Do you like probability? Let's get down to business! Try your luck with the following problems!

"I have two children. The older of them is a girl. What is the probability that both of my children are girls?"

Seems simple enough, right? Since the older one is a girl, the younger one could either be a girl or a boy. Assuming that a boy and a girl both have an equal probability of being born, the answer should be \(\frac{1}{2}\), right? Yes, you are correct. The answer is \(\frac{1}{2}\).

Let's try a different version of this problem.

"I have two children. One of them is a girl. What is the probability that both of them are girls?"

Wait! How's this problem different from the last one? Well, for one the wording's a little different. But does that matter? If one of the children is a girl, the other one could either be a boy or a girl. So the probability should be \(\frac{1}{2}\) like before, right?

Wrong!

While it is true that there are two possibilities for the other child, that doesn't mean that both of these events are equally probable. In this case, the event that the other child is a boy is twice more likely than the event that the other child is a girl. That is because it is twice more likely that the person has one boy and one girl than the event that the person has two girls. So the correct probability is \(\frac{1}{3}\). There's a really good write-up on this here. That piece is so good that I advise you to stop reading this and start reading that.
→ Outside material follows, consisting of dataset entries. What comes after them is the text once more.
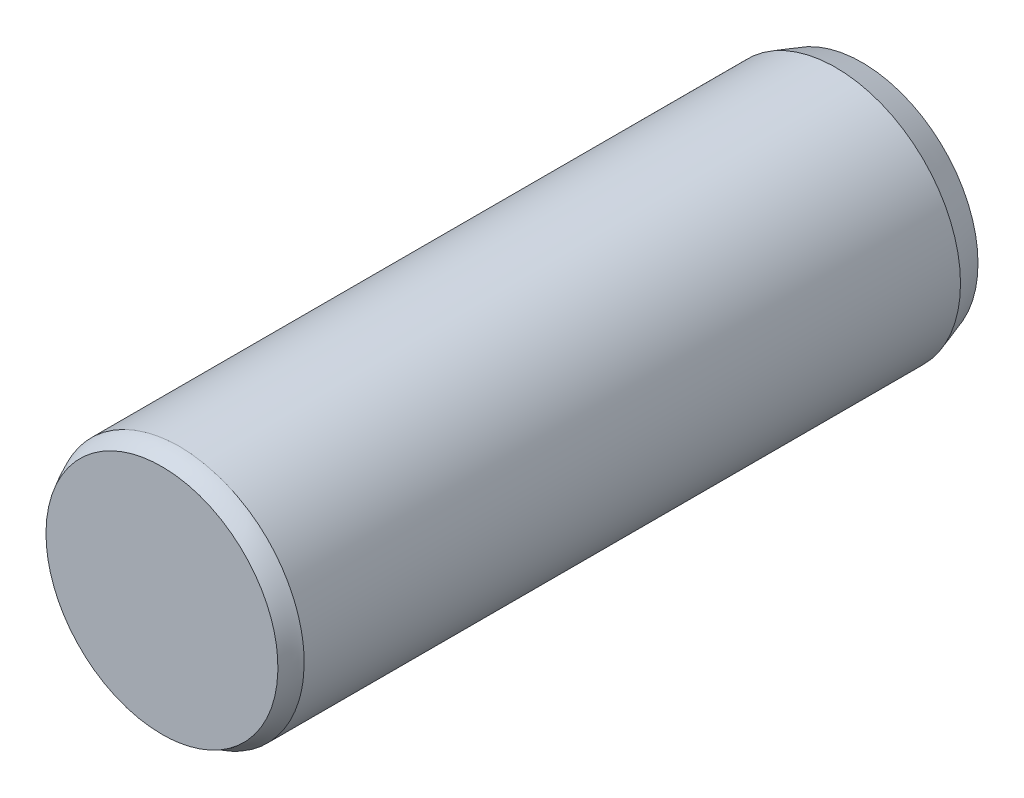
ISO-10303-21;
HEADER;
FILE_DESCRIPTION(('STEP AP214'),'2;1');
FILE_NAME('part.step','',(''),(''),'','','');
FILE_SCHEMA(('AUTOMOTIVE_DESIGN { 1 0 10303 214 1 1 1 1 }'));
ENDSEC;
DATA;
#1=APPLICATION_CONTEXT('core data for automotive mechanical design processes');
#2=APPLICATION_PROTOCOL_DEFINITION('international standard','automotive_design',2000,#1);
#3=PRODUCT_CONTEXT('',#1,'mechanical');
#4=PRODUCT('Part','Part','',(#3));
#5=PRODUCT_RELATED_PRODUCT_CATEGORY('part','',(#4));
#6=PRODUCT_DEFINITION_FORMATION('','',#4);
#7=PRODUCT_DEFINITION_CONTEXT('part definition',#1,'design');
#8=PRODUCT_DEFINITION('design','',#6,#7);
#9=PRODUCT_DEFINITION_SHAPE('','',#8);
#10=(LENGTH_UNIT() NAMED_UNIT(*) SI_UNIT(.MILLI.,.METRE.));
#11=(NAMED_UNIT(*) PLANE_ANGLE_UNIT() SI_UNIT($,.RADIAN.));
#12=(NAMED_UNIT(*) SI_UNIT($,.STERADIAN.) SOLID_ANGLE_UNIT());
#13=UNCERTAINTY_MEASURE_WITH_UNIT(LENGTH_MEASURE(1.E-05),#10,'distance_accuracy_value','');
#14=(GEOMETRIC_REPRESENTATION_CONTEXT(3) GLOBAL_UNCERTAINTY_ASSIGNED_CONTEXT((#13)) GLOBAL_UNIT_ASSIGNED_CONTEXT((#10,
#11,#12)) REPRESENTATION_CONTEXT('',''));
#15=CARTESIAN_POINT('',(0.,0.,0.));
#16=DIRECTION('',(0.,0.,1.));
#17=DIRECTION('',(1.,0.,0.));
#18=AXIS2_PLACEMENT_3D('',#15,#16,#17);
#19=CARTESIAN_POINT('',(0.,0.,-150.));
#20=DIRECTION('',(0.,0.,1.));
#21=DIRECTION('',(1.,0.,0.));
#22=AXIS2_PLACEMENT_3D('',#19,#20,#21);
#23=CYLINDRICAL_SURFACE('',#22,28.5);
#24=CARTESIAN_POINT('',(0.,0.,-150.));
#25=DIRECTION('',(0.,0.,1.));
#26=DIRECTION('',(1.,0.,0.));
#27=AXIS2_PLACEMENT_3D('',#24,#25,#26);
#28=CIRCLE('',#27,28.5);
#29=CARTESIAN_POINT('',(28.5,0.,-150.));
#30=VERTEX_POINT('',#29);
#31=EDGE_CURVE('E113',#30,#30,#28,.T.);
#32=ORIENTED_EDGE('',*,*,#31,.T.);
#33=EDGE_LOOP('',(#32));
#34=FACE_BOUND('',#33,.T.);
#35=CARTESIAN_POINT('',(0.,28.5,0.));
#36=CARTESIAN_POINT('',(0.685403881065248,28.4999974621461,-5.28809030770894E-06));
#37=CARTESIAN_POINT('',(1.3708806461371,28.475260016386,0.00306878781438999));
#38=CARTESIAN_POINT('',(2.73819556818574,28.3764373431519,0.0107953116492988));
#39=CARTESIAN_POINT('',(3.42003381571865,28.3023533496528,0.0154477201098152));
#40=CARTESIAN_POINT('',(4.77650699058129,28.1052411641767,0.0234275900641823));
#41=CARTESIAN_POINT('',(5.45114306351576,27.9822208789875,0.0267552654255539));
#42=CARTESIAN_POINT('',(6.7898044893632,27.687871657382,0.0308989835226916));
#43=CARTESIAN_POINT('',(7.45382974799033,27.5165422919517,0.0317150039526634));
#44=CARTESIAN_POINT('',(8.76774006291771,27.1264872074765,0.0308498409957288));
#45=CARTESIAN_POINT('',(9.41762647442937,26.9077660531653,0.0291688980228022));
#46=CARTESIAN_POINT('',(10.6999238813891,26.4240646643419,0.0240487922613334));
#47=CARTESIAN_POINT('',(11.3323352559646,26.15908543433,0.0206096676488127));
#48=CARTESIAN_POINT('',(12.5766301804993,25.5841399366828,0.0130210921716947));
#49=CARTESIAN_POINT('',(13.1885066702285,25.2741583877037,0.00887139993487579));
#50=CARTESIAN_POINT('',(14.3883580897187,24.6108747387459,0.000883238085759316));
#51=CARTESIAN_POINT('',(14.9763308669008,24.2575687487667,-0.00295520352859254));
#52=CARTESIAN_POINT('',(16.2219851637115,23.44650160723,-0.0101014731614439));
#53=CARTESIAN_POINT('',(16.8747554252676,22.9811667632607,-0.0132114322460841));
#54=CARTESIAN_POINT('',(18.1388368786517,21.9971430538108,-0.0174600333923661));
#55=CARTESIAN_POINT('',(18.7501436784115,21.4784485507426,-0.0185984669300947));
#56=CARTESIAN_POINT('',(19.9271148426963,20.3912263147817,-0.0190099804002163));
#57=CARTESIAN_POINT('',(20.4927632741799,19.8226813291138,-0.018282412046492));
#58=CARTESIAN_POINT('',(21.5741341374833,18.6399777333636,-0.015484100706862));
#59=CARTESIAN_POINT('',(22.0898578620115,18.0258203050597,-0.0134133925097851));
#60=CARTESIAN_POINT('',(23.0676102346926,16.7564032457231,-0.00866156773661857));
#61=CARTESIAN_POINT('',(23.5296523094503,16.1011539558015,-0.00598060429330979));
#62=CARTESIAN_POINT('',(24.3969112753053,14.754064451404,-0.000761097276273689));
#63=CARTESIAN_POINT('',(24.8021278305516,14.0622240207,0.00177744545566361));
#64=CARTESIAN_POINT('',(25.5528217553203,12.6469326901876,0.00609287156869941));
#65=CARTESIAN_POINT('',(25.8983041569792,11.9234844595282,0.00786981912691987));
#66=CARTESIAN_POINT('',(26.5271166551266,10.4500546586747,0.0102909892598974));
#67=CARTESIAN_POINT('',(26.810446856752,9.7000731333669,0.0109352137507864));
#68=CARTESIAN_POINT('',(27.3130050128885,8.17873996526786,0.0110404191295344));
#69=CARTESIAN_POINT('',(27.5322158642367,7.40738268067386,0.0105010846410658));
#70=CARTESIAN_POINT('',(27.9048900102245,5.84883443670751,0.00855514134294157));
#71=CARTESIAN_POINT('',(28.0583532190186,5.06164345666283,0.00714853140090808));
#72=CARTESIAN_POINT('',(28.2383937511249,3.87347338325476,0.00491906670587249));
#73=CARTESIAN_POINT('',(28.2900513614211,3.47613859891996,0.00415588938062412));
#74=CARTESIAN_POINT('',(28.3765760952044,2.67961746284959,0.00271877019072627));
#75=CARTESIAN_POINT('',(28.4114432182169,2.28043111106168,0.00204482832859924));
#76=CARTESIAN_POINT('',(28.4643162120759,1.48095018141888,0.000916800894629713));
#77=CARTESIAN_POINT('',(28.4823221006724,1.08065560473109,0.000462715091342802));
#78=CARTESIAN_POINT('',(28.501443423147,0.279663007348349,-2.03338944380448E-05));
#79=CARTESIAN_POINT('',(28.5025588598098,-0.121035013280067,-4.92971470229159E-05));
#80=CARTESIAN_POINT('',(28.4878948151195,-0.922128409069801,0.000306665889575886));
#81=CARTESIAN_POINT('',(28.4721153311851,-1.32252378418487,0.000691592241995964));
#82=CARTESIAN_POINT('',(28.4236966521833,-2.12226630422581,0.00161656094045279));
#83=CARTESIAN_POINT('',(28.3910574537554,-2.52161344894274,0.0021566033174075));
#84=CARTESIAN_POINT('',(28.2679165067008,-3.71703318340813,0.00378569926704658));
#85=CARTESIAN_POINT('',(28.1521881260104,-4.51066214766737,0.00488395692428992));
#86=CARTESIAN_POINT('',(27.854301129016,-6.08524089672407,0.00643144747453043));
#87=CARTESIAN_POINT('',(27.6721425779645,-6.86619069397512,0.00688068100504373));
#88=CARTESIAN_POINT('',(27.2426826982211,-8.40999878134976,0.00702411960966533));
#89=CARTESIAN_POINT('',(26.9953813752433,-9.17285707306023,0.00671832475000086));
#90=CARTESIAN_POINT('',(26.4373908705409,-10.675035765523,0.00553438790933401));
#91=CARTESIAN_POINT('',(26.1267004713626,-11.4143557138815,0.00465623493488156));
#92=CARTESIAN_POINT('',(25.4441429843474,-12.8641966578449,0.00264495364370522));
#93=CARTESIAN_POINT('',(25.0722758913117,-13.5747176510026,0.00151182530531353));
#94=CARTESIAN_POINT('',(24.2700087153768,-14.9619070581768,-0.000683461709526115));
#95=CARTESIAN_POINT('',(23.8396086414295,-15.6385754773705,-0.00174562039682781));
#96=CARTESIAN_POINT('',(22.9233350194986,-16.9532501874318,-0.00353979288168504));
#97=CARTESIAN_POINT('',(22.4374614753456,-17.5912564809691,-0.00427180670203738));
#98=CARTESIAN_POINT('',(21.4136879140966,-18.8240795359476,-0.00525298213965907));
#99=CARTESIAN_POINT('',(20.8757871757562,-19.4188956984511,-0.005502137062129));
#100=CARTESIAN_POINT('',(19.7517892013451,-20.5610997708183,-0.00548968404546693));
#101=CARTESIAN_POINT('',(19.1656919635653,-21.1084876790004,-0.00522807608822343));
#102=CARTESIAN_POINT('',(17.9494674424314,-22.151943921568,-0.00428461917573095));
#103=CARTESIAN_POINT('',(17.3193401220561,-22.6480122128024,-0.00360276986713219));
#104=CARTESIAN_POINT('',(16.019535887199,-23.585302036119,-0.00200464108796319));
#105=CARTESIAN_POINT('',(15.3498589715338,-24.0265235665602,-0.0010883616103787));
#106=CARTESIAN_POINT('',(13.9757241634628,-24.850978147343,0.000737170520839549));
#107=CARTESIAN_POINT('',(13.2712667028398,-25.2342119173333,0.00164642326154469));
#108=CARTESIAN_POINT('',(11.8325737264031,-25.939972938931,0.00321051994396546));
#109=CARTESIAN_POINT('',(11.0983382124999,-26.2625001944332,0.00386536390200379));
#110=CARTESIAN_POINT('',(9.60529914767628,-26.8445558344821,0.00472580555283739));
#111=CARTESIAN_POINT('',(8.84649560509413,-27.1040842404101,0.00493140339810347));
#112=CARTESIAN_POINT('',(7.30975226536153,-27.5582945474583,0.00482320381532672));
#113=CARTESIAN_POINT('',(6.53181246722908,-27.7529764452509,0.00450940636063055));
#114=CARTESIAN_POINT('',(4.96218805299292,-28.0761194818821,0.00348287213962232));
#115=CARTESIAN_POINT('',(4.17050343337944,-28.204580603811,0.00277013527143886));
#116=CARTESIAN_POINT('',(2.97719026560795,-28.3469049936311,0.00169970787524368));
#117=CARTESIAN_POINT('',(2.57841023972814,-28.3859534461908,0.00134263867627373));
#118=CARTESIAN_POINT('',(1.77953140268056,-28.4472089208759,0.000707392730416157));
#119=CARTESIAN_POINT('',(1.3794325915694,-28.4694159437243,0.000429215980141506));
#120=CARTESIAN_POINT('',(0.578661061860506,-28.496941402032,6.01587263595306E-05));
#121=CARTESIAN_POINT('',(0.17798834315843,-28.5022598344209,-3.07217430962851E-05));
#122=CARTESIAN_POINT('',(-0.623225090272998,-28.4960012288696,5.8699023284112E-05));
#123=CARTESIAN_POINT('',(-1.02376580499904,-28.4844241905062,0.000239000265912911));
#124=CARTESIAN_POINT('',(-1.82400975041795,-28.4443925404426,0.000734962841306362));
#125=CARTESIAN_POINT('',(-2.22371298088533,-28.4159379241988,0.00105062421051025));
#126=CARTESIAN_POINT('',(-3.02153773100344,-28.3422099047203,0.00173280089423739));
#127=CARTESIAN_POINT('',(-3.41965925064051,-28.2969365013402,0.00209931620919997));
#128=CARTESIAN_POINT('',(-4.61060618056108,-28.1359872888811,0.00316185544836989));
#129=CARTESIAN_POINT('',(-5.40018998444939,-27.9951736516542,0.00382104956514299));
#130=CARTESIAN_POINT('',(-6.96457985411879,-27.6475479464051,0.00470042277674416));
#131=CARTESIAN_POINT('',(-7.73938592295678,-27.4407358920352,0.00492060196238673));
#132=CARTESIAN_POINT('',(-9.26885087174988,-26.9625717384315,0.00484196311103194));
#133=CARTESIAN_POINT('',(-10.0235097529269,-26.6912196431119,0.00454314510551107));
#134=CARTESIAN_POINT('',(-11.5072779325296,-26.0859078047116,0.00352512780904969));
#135=CARTESIAN_POINT('',(-12.2363872276995,-25.7519480536532,0.00280592846454153));
#136=CARTESIAN_POINT('',(-13.6638791258634,-25.0237961832819,0.00115703938767315));
#137=CARTESIAN_POINT('',(-14.3622618863063,-24.6296043726564,0.000227350734051827));
#138=CARTESIAN_POINT('',(-15.7233373400584,-23.7837896334507,-0.00159243241438313));
#139=CARTESIAN_POINT('',(-16.386030034706,-23.332166707024,-0.00248252691068137));
#140=CARTESIAN_POINT('',(-17.6710148211845,-22.3747003446988,-0.0039882269897548));
#141=CARTESIAN_POINT('',(-18.2933069290686,-21.8688569303452,-0.00460383268159909));
#142=CARTESIAN_POINT('',(-19.4930665658595,-20.8065455645557,-0.00538997162560128));
#143=CARTESIAN_POINT('',(-20.070534096004,-20.2500776145176,-0.00556050489004765));
#144=CARTESIAN_POINT('',(-21.1765446807768,-19.0904675314525,-0.00538662057551987));
#145=CARTESIAN_POINT('',(-21.7050872423714,-18.4873249281814,-0.00504219780775694));
#146=CARTESIAN_POINT('',(-22.709483595908,-17.2386585747463,-0.00388947554231524));
#147=CARTESIAN_POINT('',(-23.185337386478,-16.5931348234788,-0.00308117603255885));
#148=CARTESIAN_POINT('',(-24.0809732574373,-15.2642956773149,-0.00117540020448283));
#149=CARTESIAN_POINT('',(-24.5007553387247,-14.5809802830237,-7.79238907946162E-05));
#150=CARTESIAN_POINT('',(-25.2812637517865,-13.1814147014148,0.00213113236883107));
#151=CARTESIAN_POINT('',(-25.6419900768914,-12.4651645103776,0.00324271231636133));
#152=CARTESIAN_POINT('',(-26.3018227217191,-11.0048229617734,0.00514839845552475));
#153=CARTESIAN_POINT('',(-26.6009289900373,-10.2607315809814,0.00594250438231529));
#154=CARTESIAN_POINT('',(-27.1353949220544,-8.74998887919031,0.00690981869674036));
#155=CARTESIAN_POINT('',(-27.3707546085095,-7.98333756624482,0.00708302730602175));
#156=CARTESIAN_POINT('',(-27.7760525210235,-6.43296096764245,0.00666698426613177));
#157=CARTESIAN_POINT('',(-27.9459907228605,-5.64923567566416,0.00607773233466484));
#158=CARTESIAN_POINT('',(-28.2192434303303,-4.07015075132147,0.00432220772225419));
#159=CARTESIAN_POINT('',(-28.3225579103609,-3.27479111448635,0.00315593481957317));
#160=CARTESIAN_POINT('',(-28.4270014658443,-2.07755677460706,0.00157024884086503));
#161=CARTESIAN_POINT('',(-28.4533947367193,-1.67773887528735,0.00106893166850693));
#162=CARTESIAN_POINT('',(-28.4893092930903,-0.877345814796845,0.000297905050570367));
#163=CARTESIAN_POINT('',(-28.4988305832954,-0.476770653837447,2.81955403469866E-05));
#164=CARTESIAN_POINT('',(-28.5020333644254,0.724990839771501,-4.75592508353393E-05));
#165=CARTESIAN_POINT('',(-28.4703692924561,1.52639141051225,0.000879322721752227));
#166=CARTESIAN_POINT('',(-28.339646217989,3.123569632623,0.00341861926491089));
#167=CARTESIAN_POINT('',(-28.2405872630281,3.91934728795872,0.00503103335194254));
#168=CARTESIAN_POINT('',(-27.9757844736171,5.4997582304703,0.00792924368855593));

But don't forget to come back to this when you're done!

I'm sure that everything up to this point was pretty boring to a lot of people. Both of the problems above are very well-known. But now I'm going to take it up a notch. Let's go!

"I have two children. One of them is a girl

who was born on a Friday. What is the probability that I have two girls?"

Wait a minute! How's this at all different from the second problem? What does Friday have to do with the probability?

Everything!

Do you remember the answer to the second problem? It was \(\frac{1}{3}\). Adding the 'Friday condition' shifts the answer and the new answer is now closer to \(\frac{1}{2}\) than it is to \(\frac{1}{3}\)!

Now this is the time I tell you stop reading and start thinking about the problem. It's a lot more fun than just reading the answer.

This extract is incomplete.